**Dataset excerpts:**
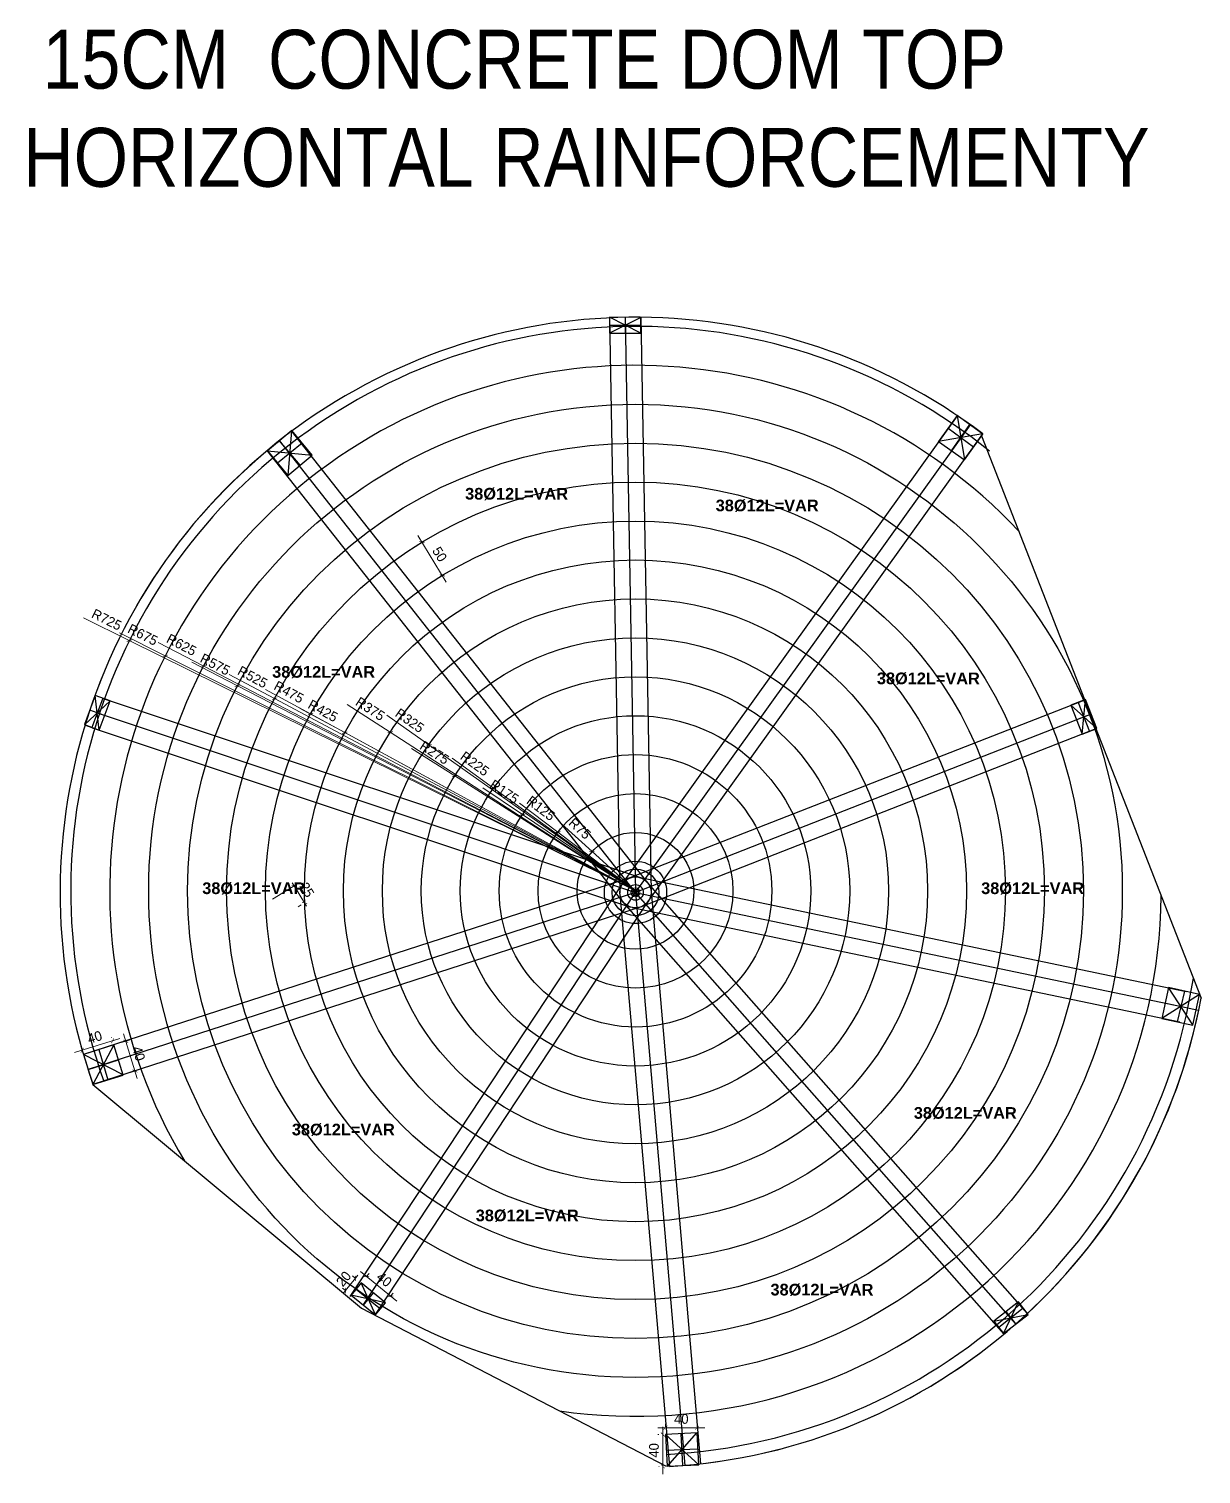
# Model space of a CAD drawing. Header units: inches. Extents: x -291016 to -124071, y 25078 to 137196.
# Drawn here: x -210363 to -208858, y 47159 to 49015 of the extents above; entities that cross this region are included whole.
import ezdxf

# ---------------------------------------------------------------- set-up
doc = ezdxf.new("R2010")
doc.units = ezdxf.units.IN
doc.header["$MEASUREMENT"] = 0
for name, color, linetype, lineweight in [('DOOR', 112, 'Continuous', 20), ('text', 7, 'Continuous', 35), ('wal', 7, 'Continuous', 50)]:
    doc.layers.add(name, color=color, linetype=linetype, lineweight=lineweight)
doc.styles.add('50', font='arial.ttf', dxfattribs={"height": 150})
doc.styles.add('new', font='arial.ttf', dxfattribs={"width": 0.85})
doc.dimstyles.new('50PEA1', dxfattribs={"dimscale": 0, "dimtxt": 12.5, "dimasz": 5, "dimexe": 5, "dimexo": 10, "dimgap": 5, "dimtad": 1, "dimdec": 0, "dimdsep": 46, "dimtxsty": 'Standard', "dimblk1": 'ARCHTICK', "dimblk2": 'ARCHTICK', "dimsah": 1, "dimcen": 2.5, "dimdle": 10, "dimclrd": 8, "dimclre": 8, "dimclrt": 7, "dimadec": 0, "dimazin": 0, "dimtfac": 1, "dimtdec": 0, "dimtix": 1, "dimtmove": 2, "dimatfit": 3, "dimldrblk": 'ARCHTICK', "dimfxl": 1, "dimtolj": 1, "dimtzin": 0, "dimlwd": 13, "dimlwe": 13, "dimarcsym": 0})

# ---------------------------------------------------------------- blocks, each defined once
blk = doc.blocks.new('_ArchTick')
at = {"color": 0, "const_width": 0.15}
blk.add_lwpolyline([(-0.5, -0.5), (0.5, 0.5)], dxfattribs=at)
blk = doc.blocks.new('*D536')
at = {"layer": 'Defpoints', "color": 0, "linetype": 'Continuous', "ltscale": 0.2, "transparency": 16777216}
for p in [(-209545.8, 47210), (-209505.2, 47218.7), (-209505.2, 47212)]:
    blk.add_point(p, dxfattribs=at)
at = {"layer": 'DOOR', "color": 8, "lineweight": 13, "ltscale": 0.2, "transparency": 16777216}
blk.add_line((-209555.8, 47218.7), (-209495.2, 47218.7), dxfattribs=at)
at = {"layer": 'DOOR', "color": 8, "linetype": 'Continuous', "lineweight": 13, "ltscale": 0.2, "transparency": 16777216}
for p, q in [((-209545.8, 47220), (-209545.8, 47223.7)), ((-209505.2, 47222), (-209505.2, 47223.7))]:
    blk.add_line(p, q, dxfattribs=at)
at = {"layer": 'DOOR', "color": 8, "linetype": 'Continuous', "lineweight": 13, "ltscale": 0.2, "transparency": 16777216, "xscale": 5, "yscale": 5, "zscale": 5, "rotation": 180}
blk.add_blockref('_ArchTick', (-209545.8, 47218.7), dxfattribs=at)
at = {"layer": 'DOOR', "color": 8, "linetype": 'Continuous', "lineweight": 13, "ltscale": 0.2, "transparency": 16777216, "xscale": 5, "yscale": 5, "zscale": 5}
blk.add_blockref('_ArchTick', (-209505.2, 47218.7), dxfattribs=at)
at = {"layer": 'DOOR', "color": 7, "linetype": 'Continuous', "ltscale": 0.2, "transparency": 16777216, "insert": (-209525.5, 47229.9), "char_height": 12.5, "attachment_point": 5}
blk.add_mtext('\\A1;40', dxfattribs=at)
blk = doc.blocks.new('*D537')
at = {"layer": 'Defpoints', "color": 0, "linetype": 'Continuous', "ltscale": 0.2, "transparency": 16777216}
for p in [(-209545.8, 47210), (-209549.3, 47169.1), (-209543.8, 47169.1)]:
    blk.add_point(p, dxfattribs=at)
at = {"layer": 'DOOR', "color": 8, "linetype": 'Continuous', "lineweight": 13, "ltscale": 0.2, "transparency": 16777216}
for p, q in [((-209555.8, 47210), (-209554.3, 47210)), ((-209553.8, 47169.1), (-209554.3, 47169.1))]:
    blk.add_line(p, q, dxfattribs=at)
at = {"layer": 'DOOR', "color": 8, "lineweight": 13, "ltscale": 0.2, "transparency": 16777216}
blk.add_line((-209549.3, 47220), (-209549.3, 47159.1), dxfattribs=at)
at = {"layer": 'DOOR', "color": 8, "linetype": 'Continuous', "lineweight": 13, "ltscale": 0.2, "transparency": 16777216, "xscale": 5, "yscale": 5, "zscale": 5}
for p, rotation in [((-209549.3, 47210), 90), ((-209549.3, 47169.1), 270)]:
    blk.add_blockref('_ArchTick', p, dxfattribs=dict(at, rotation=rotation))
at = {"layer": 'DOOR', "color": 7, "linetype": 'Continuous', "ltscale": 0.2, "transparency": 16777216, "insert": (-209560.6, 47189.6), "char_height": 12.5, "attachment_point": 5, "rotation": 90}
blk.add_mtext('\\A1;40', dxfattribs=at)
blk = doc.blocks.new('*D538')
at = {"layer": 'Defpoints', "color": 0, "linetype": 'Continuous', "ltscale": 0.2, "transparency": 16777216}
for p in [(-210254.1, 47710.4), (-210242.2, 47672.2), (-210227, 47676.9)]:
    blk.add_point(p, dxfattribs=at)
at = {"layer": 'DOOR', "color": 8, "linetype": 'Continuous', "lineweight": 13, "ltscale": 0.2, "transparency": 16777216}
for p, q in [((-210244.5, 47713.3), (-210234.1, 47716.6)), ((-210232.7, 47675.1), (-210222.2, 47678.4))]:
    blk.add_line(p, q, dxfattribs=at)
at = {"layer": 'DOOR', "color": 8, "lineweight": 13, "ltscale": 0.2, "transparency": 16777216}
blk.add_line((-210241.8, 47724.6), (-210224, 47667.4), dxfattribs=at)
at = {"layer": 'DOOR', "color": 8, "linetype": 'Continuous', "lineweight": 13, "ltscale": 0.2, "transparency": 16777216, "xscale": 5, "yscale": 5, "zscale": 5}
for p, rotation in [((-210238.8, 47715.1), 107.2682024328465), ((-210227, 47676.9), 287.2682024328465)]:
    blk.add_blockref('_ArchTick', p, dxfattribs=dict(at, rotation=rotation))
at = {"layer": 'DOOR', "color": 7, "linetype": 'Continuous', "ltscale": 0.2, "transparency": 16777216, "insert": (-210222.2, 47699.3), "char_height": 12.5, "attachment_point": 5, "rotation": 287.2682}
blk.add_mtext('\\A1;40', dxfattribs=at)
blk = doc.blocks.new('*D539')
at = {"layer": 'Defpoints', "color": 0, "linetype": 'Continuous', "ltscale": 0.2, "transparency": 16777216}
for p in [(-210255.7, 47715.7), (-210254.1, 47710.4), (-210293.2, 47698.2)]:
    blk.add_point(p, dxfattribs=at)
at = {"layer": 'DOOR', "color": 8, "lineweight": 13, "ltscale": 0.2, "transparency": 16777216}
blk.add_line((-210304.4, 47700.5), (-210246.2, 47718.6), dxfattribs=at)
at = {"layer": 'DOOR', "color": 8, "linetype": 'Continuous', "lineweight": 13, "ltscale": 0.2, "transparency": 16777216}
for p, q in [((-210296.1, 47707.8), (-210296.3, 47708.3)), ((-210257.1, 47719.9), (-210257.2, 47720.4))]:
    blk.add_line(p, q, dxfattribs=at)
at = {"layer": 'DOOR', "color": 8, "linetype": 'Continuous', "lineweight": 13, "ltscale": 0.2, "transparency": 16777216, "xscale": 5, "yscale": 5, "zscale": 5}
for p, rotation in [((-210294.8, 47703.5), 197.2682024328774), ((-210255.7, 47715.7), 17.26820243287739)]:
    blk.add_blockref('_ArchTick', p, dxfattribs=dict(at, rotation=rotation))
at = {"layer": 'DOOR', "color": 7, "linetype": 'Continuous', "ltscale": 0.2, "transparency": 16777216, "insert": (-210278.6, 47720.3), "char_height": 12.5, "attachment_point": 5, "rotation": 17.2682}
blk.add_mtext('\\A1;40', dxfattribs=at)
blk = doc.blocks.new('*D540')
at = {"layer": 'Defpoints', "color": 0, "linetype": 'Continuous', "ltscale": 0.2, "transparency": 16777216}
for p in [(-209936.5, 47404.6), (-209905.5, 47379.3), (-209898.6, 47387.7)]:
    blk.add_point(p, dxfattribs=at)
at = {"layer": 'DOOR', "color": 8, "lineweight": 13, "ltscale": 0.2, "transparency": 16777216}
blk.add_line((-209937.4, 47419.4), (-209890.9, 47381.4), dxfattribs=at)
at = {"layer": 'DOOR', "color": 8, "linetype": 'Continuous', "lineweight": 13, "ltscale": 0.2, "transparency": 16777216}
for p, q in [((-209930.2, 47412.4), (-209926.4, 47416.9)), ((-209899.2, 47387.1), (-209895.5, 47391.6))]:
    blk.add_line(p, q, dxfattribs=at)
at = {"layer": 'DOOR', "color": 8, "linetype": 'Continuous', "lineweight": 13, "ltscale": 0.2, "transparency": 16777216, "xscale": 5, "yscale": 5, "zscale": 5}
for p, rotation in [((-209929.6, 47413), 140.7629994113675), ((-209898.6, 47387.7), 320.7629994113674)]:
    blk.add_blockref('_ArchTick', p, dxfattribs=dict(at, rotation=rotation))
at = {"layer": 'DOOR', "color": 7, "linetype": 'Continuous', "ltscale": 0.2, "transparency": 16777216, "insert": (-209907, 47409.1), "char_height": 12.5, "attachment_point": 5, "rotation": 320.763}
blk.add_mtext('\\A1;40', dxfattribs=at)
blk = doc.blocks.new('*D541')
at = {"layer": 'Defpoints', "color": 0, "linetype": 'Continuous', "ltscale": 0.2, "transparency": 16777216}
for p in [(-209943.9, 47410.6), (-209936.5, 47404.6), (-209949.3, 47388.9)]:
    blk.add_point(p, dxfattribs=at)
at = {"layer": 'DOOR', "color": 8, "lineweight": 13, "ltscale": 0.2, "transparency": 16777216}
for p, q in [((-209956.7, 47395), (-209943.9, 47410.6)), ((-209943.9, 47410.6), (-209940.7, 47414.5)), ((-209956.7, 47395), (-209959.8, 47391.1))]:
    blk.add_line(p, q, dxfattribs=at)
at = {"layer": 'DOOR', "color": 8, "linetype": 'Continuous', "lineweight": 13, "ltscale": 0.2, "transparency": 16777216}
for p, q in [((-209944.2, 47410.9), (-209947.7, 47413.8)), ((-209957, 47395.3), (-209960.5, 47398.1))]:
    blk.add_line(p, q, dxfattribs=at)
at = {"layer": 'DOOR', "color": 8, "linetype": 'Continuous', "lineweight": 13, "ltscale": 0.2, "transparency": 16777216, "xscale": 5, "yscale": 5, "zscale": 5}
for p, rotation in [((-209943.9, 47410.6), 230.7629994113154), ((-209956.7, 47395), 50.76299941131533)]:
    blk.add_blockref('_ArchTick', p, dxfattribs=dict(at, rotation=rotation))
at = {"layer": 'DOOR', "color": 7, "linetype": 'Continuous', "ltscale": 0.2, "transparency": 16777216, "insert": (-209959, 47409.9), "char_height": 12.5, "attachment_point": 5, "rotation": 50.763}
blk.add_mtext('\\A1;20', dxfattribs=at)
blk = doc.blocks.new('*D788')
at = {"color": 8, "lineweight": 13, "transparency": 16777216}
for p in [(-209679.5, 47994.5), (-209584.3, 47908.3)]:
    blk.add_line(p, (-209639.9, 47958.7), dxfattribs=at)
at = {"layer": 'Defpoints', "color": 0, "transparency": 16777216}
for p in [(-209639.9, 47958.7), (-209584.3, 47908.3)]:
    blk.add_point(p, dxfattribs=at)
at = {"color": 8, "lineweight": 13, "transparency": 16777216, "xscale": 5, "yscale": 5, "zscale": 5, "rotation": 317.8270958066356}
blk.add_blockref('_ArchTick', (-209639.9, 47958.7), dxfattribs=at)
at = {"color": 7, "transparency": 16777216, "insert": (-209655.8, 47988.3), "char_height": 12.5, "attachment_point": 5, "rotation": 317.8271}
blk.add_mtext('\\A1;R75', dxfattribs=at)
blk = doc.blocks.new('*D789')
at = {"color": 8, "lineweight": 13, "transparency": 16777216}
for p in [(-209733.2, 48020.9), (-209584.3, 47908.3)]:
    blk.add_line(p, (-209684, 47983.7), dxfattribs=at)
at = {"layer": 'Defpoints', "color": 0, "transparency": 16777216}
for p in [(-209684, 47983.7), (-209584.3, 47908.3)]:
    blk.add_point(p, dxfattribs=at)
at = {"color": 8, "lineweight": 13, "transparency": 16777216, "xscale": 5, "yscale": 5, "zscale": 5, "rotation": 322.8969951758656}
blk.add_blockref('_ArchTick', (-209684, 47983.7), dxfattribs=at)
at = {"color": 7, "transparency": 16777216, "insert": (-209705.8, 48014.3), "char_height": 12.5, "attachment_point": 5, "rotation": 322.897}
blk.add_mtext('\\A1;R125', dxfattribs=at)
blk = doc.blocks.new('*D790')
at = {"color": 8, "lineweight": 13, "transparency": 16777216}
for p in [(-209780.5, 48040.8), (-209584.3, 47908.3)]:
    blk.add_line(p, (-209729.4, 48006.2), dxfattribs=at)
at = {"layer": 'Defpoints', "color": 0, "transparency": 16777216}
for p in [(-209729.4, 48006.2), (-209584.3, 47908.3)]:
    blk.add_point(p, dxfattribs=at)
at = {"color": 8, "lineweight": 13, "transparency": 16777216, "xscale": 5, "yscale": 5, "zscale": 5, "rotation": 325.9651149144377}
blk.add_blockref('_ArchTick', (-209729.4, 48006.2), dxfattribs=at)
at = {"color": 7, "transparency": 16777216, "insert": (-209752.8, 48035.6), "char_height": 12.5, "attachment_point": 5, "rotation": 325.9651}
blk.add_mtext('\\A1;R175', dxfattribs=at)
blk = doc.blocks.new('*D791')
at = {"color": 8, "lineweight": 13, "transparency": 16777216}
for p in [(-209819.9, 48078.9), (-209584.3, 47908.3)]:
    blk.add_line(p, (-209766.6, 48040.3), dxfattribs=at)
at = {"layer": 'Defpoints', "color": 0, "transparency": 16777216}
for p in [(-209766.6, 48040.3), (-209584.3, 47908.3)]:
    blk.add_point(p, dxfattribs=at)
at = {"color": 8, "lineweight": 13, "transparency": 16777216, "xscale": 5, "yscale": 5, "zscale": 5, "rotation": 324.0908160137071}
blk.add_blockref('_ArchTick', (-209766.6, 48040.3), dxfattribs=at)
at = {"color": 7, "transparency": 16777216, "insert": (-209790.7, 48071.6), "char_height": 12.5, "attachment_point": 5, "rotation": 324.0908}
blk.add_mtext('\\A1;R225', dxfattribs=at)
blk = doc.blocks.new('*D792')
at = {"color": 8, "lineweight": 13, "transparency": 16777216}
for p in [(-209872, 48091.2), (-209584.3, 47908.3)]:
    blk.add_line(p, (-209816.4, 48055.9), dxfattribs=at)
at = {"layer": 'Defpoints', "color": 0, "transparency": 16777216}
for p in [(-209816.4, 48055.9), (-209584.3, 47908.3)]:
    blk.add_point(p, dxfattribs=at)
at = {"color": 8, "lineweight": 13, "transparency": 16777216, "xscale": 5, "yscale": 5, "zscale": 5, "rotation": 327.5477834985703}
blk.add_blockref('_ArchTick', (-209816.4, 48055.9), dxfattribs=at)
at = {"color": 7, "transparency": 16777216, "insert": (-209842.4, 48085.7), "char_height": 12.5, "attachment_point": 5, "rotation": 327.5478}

**Brief:** Extract every line from the one containing "blk.add_mtext('\\A1;R175', dxfattribs=at)" to the end of the entries, including both of those lines, exactly as given and with nothing added.

**Response for this exercise:**
blk.add_mtext('\\A1;R175', dxfattribs=at)
blk = doc.blocks.new('*D791')
at = {"color": 8, "lineweight": 13, "transparency": 16777216}
for p in [(-209819.9, 48078.9), (-209584.3, 47908.3)]:
    blk.add_line(p, (-209766.6, 48040.3), dxfattribs=at)
at = {"layer": 'Defpoints', "color": 0, "transparency": 16777216}
for p in [(-209766.6, 48040.3), (-209584.3, 47908.3)]:
    blk.add_point(p, dxfattribs=at)
at = {"color": 8, "lineweight": 13, "transparency": 16777216, "xscale": 5, "yscale": 5, "zscale": 5, "rotation": 324.0908160137071}
blk.add_blockref('_ArchTick', (-209766.6, 48040.3), dxfattribs=at)
at = {"color": 7, "transparency": 16777216, "insert": (-209790.7, 48071.6), "char_height": 12.5, "attachment_point": 5, "rotation": 324.0908}
blk.add_mtext('\\A1;R225', dxfattribs=at)
blk = doc.blocks.new('*D792')
at = {"color": 8, "lineweight": 13, "transparency": 16777216}
for p in [(-209872, 48091.2), (-209584.3, 47908.3)]:
    blk.add_line(p, (-209816.4, 48055.9), dxfattribs=at)
at = {"layer": 'Defpoints', "color": 0, "transparency": 16777216}
for p in [(-209816.4, 48055.9), (-209584.3, 47908.3)]:
    blk.add_point(p, dxfattribs=at)
at = {"color": 8, "lineweight": 13, "transparency": 16777216, "xscale": 5, "yscale": 5, "zscale": 5, "rotation": 327.5477834985703}
blk.add_blockref('_ArchTick', (-209816.4, 48055.9), dxfattribs=at)
at = {"color": 7, "transparency": 16777216, "insert": (-209842.4, 48085.7), "char_height": 12.5, "attachment_point": 5, "rotation": 327.5478}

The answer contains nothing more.